**ASSIGNED TASK**
Nothing but the lines from the one with "#228=LINE('',#227,#226);" down to the one with "#239=ORIENTED_EDGE('',*,*,#238,.T.);" should be returned, exactly and with both ends included, from the material below.

**RECORDS FOR THE TASK**
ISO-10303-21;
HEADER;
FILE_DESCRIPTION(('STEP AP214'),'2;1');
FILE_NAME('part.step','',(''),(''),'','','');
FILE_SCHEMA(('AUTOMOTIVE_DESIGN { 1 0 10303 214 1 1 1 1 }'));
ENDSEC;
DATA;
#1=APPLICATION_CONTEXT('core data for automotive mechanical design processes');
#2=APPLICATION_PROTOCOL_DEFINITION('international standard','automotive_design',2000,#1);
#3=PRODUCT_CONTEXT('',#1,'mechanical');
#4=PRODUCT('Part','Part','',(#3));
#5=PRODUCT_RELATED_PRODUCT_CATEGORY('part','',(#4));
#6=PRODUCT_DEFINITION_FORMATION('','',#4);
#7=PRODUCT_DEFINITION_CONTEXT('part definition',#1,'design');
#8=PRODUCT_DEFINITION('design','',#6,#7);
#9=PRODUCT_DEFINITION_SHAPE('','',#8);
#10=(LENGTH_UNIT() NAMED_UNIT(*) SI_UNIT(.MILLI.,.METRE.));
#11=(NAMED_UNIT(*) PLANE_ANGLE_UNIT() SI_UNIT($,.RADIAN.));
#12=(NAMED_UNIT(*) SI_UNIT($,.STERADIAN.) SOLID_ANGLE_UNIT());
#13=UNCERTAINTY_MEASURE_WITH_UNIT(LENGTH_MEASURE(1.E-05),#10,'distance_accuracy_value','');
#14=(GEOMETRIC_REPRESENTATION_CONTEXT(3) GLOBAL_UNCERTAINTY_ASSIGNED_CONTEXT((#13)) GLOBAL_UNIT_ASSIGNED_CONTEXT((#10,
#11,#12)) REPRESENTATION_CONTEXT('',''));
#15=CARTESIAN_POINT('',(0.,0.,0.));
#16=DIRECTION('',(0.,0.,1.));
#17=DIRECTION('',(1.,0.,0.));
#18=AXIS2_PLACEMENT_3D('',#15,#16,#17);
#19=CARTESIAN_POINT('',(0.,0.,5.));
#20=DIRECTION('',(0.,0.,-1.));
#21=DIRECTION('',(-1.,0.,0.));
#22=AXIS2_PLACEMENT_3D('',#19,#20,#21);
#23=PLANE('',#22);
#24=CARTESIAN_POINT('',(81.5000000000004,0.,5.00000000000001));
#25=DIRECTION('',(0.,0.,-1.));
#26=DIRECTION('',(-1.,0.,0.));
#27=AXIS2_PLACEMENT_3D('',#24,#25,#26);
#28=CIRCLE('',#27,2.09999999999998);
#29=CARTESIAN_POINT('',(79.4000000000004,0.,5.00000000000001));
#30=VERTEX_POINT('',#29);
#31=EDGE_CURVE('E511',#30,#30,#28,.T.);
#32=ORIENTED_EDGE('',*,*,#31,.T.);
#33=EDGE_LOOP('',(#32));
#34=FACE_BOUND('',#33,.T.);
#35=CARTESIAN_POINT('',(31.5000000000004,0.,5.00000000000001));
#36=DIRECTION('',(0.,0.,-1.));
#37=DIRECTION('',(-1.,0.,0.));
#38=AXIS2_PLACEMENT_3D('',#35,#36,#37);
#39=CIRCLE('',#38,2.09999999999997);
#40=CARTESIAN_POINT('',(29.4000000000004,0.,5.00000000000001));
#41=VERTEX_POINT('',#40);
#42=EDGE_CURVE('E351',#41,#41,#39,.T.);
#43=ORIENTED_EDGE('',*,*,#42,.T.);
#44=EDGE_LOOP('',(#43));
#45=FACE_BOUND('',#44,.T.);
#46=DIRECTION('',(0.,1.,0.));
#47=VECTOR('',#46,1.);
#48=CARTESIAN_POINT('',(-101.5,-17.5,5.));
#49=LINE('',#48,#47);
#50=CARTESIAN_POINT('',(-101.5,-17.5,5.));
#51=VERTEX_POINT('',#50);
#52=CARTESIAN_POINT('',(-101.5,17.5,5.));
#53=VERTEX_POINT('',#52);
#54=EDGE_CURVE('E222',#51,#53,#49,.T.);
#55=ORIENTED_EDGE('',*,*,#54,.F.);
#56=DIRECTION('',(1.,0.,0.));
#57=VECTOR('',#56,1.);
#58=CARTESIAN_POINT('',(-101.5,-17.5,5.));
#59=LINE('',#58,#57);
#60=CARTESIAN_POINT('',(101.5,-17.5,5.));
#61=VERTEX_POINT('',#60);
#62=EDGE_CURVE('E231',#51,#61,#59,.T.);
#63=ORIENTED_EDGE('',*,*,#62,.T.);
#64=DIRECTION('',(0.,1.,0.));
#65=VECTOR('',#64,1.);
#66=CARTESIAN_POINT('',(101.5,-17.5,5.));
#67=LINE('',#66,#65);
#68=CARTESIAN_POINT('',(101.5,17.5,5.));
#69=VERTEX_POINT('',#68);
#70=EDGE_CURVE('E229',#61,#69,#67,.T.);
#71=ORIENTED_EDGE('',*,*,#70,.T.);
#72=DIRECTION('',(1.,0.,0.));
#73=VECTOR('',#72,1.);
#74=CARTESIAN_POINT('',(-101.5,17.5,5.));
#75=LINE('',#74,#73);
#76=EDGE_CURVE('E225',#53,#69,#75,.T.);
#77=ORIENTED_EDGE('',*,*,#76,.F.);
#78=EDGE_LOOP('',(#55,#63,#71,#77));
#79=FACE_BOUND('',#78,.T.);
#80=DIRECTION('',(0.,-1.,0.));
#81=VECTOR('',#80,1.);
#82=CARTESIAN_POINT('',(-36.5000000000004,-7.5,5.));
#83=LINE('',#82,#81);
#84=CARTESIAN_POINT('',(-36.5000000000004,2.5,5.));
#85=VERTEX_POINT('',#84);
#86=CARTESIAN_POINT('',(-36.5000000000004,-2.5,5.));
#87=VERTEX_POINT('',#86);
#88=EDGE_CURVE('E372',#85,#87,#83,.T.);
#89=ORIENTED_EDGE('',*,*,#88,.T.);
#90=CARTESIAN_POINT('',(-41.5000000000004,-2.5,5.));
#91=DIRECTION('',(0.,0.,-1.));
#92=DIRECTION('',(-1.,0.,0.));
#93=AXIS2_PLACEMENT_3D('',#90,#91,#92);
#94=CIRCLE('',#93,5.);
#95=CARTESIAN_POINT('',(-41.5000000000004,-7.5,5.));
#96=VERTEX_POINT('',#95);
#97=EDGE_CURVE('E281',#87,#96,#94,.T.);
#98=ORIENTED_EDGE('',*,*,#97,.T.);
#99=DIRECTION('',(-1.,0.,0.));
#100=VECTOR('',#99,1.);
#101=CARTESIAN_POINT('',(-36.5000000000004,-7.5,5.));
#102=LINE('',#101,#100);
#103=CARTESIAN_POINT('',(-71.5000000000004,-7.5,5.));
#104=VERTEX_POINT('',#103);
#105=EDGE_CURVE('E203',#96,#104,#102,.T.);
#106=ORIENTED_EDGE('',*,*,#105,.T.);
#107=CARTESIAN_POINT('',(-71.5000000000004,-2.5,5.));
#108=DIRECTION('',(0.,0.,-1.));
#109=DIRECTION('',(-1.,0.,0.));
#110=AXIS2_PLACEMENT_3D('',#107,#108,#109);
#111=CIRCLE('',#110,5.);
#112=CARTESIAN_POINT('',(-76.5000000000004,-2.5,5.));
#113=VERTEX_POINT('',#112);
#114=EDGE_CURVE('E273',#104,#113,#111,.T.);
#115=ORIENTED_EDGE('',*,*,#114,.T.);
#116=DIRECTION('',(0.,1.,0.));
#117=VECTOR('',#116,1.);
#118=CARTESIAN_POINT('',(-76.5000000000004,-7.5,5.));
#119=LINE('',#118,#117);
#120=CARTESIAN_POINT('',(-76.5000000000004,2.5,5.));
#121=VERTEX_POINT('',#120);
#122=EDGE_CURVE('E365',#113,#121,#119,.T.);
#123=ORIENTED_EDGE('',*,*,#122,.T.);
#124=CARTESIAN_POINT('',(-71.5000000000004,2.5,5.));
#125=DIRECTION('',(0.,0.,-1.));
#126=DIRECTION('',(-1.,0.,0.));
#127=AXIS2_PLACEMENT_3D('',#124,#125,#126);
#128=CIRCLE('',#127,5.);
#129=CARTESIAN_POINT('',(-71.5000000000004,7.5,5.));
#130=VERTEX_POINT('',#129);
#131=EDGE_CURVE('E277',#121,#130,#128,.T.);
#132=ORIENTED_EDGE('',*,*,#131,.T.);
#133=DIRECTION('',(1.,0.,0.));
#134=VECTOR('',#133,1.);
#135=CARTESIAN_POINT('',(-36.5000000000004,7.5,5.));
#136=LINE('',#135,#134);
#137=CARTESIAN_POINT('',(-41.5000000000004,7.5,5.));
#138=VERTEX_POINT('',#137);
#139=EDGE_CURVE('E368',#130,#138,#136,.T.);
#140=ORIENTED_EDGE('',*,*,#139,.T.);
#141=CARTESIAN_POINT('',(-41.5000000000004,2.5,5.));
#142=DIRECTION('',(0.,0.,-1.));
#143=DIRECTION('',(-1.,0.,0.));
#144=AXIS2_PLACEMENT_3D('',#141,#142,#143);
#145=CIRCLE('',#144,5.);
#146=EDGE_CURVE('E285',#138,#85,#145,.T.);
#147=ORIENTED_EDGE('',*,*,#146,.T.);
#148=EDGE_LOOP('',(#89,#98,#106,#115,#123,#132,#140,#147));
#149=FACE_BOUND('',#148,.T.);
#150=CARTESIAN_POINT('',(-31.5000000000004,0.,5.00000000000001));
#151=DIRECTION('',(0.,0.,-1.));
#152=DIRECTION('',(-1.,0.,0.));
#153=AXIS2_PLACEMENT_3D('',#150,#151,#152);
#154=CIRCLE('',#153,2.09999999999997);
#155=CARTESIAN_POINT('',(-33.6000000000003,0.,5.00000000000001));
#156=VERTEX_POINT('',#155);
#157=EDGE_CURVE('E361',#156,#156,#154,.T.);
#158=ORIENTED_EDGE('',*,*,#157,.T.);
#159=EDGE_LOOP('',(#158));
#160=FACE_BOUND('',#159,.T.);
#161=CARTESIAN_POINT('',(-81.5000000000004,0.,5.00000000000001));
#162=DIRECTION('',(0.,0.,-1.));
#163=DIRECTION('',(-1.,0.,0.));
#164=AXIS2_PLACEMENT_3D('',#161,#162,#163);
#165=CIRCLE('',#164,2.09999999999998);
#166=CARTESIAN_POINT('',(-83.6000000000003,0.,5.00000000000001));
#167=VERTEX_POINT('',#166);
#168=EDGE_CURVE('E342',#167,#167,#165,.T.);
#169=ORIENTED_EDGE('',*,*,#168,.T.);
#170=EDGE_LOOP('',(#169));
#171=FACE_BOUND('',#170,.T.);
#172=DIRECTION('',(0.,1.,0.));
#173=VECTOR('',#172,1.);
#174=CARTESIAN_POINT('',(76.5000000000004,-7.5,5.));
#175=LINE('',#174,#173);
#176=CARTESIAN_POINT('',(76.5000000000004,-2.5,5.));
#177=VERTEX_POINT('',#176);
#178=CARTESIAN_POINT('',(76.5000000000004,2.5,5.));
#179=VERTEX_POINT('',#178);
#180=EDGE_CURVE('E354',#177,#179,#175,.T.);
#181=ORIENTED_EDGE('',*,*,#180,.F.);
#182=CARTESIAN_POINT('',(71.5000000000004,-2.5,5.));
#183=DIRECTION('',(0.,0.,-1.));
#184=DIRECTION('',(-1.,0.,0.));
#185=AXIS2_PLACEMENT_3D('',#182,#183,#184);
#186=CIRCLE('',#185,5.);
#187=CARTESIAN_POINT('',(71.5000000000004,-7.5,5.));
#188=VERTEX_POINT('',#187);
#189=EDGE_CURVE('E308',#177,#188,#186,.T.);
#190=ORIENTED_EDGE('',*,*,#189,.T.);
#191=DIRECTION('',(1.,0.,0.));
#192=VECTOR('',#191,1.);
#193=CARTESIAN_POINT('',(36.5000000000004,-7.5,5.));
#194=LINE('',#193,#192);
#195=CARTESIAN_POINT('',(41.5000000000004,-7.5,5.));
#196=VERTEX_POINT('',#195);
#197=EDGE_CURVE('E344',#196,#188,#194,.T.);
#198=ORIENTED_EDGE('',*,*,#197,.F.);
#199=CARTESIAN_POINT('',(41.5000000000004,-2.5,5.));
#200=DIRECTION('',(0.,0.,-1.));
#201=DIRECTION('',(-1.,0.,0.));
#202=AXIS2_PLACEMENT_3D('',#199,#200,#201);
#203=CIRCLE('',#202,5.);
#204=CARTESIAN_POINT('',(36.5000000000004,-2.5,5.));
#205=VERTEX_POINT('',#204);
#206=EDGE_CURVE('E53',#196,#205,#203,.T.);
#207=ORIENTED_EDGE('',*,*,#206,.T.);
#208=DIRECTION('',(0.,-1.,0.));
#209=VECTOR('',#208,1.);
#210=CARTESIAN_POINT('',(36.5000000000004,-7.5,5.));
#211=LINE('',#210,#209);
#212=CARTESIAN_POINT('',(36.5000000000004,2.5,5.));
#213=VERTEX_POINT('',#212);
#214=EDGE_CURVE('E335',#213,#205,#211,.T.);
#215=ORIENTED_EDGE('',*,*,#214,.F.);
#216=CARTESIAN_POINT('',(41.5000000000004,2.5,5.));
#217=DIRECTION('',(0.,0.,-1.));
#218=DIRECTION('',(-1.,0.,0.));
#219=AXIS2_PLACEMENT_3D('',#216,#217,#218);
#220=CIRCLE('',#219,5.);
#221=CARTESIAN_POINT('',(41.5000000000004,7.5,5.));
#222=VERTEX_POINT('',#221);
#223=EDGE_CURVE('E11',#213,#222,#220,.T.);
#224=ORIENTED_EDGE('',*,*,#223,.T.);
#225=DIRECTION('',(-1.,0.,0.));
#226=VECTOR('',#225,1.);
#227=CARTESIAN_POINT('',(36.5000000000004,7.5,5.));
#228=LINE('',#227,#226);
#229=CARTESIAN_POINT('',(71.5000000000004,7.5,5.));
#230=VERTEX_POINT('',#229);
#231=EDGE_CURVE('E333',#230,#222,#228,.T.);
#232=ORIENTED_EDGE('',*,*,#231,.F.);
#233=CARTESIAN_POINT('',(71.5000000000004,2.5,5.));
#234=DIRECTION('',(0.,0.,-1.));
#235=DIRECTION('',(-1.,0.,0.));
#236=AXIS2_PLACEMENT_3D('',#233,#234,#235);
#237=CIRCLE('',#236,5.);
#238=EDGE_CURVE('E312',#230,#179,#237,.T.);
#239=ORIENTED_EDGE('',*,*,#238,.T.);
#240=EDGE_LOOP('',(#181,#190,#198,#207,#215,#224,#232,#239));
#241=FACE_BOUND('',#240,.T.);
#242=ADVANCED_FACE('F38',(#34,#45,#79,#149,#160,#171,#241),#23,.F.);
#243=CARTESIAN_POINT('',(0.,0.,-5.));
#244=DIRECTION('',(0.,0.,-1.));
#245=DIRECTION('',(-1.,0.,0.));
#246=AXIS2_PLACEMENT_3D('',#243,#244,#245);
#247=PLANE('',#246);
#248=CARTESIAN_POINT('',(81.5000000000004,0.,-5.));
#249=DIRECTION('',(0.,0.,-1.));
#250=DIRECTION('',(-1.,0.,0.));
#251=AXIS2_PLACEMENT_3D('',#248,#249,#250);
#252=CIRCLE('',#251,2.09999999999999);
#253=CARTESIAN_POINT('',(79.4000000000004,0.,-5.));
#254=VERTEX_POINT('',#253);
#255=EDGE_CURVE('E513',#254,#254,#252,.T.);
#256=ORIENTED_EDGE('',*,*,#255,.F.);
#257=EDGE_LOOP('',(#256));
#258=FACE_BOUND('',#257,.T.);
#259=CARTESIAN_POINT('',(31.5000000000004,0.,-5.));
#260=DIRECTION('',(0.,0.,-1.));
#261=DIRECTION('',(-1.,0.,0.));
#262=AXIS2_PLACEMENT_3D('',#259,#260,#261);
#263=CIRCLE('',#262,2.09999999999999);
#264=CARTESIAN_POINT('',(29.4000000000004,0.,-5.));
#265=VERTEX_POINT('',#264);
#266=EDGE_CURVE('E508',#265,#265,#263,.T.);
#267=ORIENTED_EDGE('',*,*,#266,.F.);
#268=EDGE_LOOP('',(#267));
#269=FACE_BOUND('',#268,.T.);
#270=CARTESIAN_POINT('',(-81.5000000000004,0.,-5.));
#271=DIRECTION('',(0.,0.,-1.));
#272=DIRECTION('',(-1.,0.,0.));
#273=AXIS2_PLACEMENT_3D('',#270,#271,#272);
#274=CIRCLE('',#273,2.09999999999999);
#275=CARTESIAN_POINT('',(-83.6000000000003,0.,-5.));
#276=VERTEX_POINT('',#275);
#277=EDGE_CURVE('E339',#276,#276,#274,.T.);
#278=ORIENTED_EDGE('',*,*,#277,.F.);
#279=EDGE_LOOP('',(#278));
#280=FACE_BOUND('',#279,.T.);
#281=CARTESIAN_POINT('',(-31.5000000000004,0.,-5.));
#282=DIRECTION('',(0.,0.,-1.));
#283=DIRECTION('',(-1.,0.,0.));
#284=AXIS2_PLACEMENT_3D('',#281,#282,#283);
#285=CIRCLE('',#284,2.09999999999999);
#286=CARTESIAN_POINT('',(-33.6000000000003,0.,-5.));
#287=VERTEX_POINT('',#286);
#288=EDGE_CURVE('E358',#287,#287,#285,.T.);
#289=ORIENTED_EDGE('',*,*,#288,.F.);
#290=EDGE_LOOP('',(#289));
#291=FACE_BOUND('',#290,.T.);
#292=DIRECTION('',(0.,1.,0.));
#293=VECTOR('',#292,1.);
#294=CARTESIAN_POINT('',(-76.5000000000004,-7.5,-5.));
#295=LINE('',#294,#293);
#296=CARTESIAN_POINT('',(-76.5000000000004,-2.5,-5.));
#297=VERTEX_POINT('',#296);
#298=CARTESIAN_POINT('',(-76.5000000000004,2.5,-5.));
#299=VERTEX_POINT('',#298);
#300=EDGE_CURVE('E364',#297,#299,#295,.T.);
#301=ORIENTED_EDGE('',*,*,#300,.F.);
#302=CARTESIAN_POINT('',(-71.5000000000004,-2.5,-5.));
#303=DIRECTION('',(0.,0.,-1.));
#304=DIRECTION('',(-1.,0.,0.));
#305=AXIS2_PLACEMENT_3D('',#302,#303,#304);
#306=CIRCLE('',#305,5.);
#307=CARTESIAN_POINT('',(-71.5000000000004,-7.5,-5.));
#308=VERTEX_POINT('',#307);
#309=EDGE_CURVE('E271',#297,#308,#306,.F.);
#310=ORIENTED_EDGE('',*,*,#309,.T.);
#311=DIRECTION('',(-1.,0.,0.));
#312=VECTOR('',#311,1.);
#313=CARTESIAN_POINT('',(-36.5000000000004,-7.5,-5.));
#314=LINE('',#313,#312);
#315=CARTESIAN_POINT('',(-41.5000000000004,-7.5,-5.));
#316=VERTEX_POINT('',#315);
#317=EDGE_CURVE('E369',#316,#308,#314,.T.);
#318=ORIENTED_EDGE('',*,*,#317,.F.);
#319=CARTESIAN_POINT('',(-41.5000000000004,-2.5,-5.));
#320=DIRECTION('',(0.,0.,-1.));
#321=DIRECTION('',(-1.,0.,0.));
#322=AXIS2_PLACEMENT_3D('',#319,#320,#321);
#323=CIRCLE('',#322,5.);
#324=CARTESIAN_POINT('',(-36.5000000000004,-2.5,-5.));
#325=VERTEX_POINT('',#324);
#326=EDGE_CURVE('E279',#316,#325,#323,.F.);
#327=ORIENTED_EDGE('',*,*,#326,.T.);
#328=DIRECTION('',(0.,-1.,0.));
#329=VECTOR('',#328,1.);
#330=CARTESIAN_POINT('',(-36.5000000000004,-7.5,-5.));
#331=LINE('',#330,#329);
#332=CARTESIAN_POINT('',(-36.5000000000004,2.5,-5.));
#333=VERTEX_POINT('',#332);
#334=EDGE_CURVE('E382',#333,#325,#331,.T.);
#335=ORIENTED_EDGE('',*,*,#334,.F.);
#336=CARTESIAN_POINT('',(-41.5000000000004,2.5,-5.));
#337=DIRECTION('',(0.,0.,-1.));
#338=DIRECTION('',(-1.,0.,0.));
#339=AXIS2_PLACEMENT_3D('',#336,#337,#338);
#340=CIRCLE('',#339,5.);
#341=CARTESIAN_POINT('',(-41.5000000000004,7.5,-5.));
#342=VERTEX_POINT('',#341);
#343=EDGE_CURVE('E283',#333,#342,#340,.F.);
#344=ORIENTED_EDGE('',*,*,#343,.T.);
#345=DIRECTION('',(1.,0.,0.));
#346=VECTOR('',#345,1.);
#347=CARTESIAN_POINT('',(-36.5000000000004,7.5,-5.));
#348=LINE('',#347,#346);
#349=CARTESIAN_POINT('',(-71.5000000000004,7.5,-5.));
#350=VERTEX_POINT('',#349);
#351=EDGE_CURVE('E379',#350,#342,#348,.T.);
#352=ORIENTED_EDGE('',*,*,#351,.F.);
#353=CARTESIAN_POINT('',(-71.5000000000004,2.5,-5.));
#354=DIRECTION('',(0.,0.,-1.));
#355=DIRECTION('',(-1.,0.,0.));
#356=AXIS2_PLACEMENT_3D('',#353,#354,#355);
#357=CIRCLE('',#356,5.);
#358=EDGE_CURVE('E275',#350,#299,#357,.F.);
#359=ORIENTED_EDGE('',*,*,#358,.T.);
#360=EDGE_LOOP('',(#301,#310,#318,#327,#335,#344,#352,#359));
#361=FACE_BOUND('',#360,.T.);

**TASK ANSWER**
#228=LINE('',#227,#226);
#229=CARTESIAN_POINT('',(71.5000000000004,7.5,5.));
#230=VERTEX_POINT('',#229);
#231=EDGE_CURVE('E333',#230,#222,#228,.T.);
#232=ORIENTED_EDGE('',*,*,#231,.F.);
#233=CARTESIAN_POINT('',(71.5000000000004,2.5,5.));
#234=DIRECTION('',(0.,0.,-1.));
#235=DIRECTION('',(-1.,0.,0.));
#236=AXIS2_PLACEMENT_3D('',#233,#234,#235);
#237=CIRCLE('',#236,5.);
#238=EDGE_CURVE('E312',#230,#179,#237,.T.);
#239=ORIENTED_EDGE('',*,*,#238,.T.);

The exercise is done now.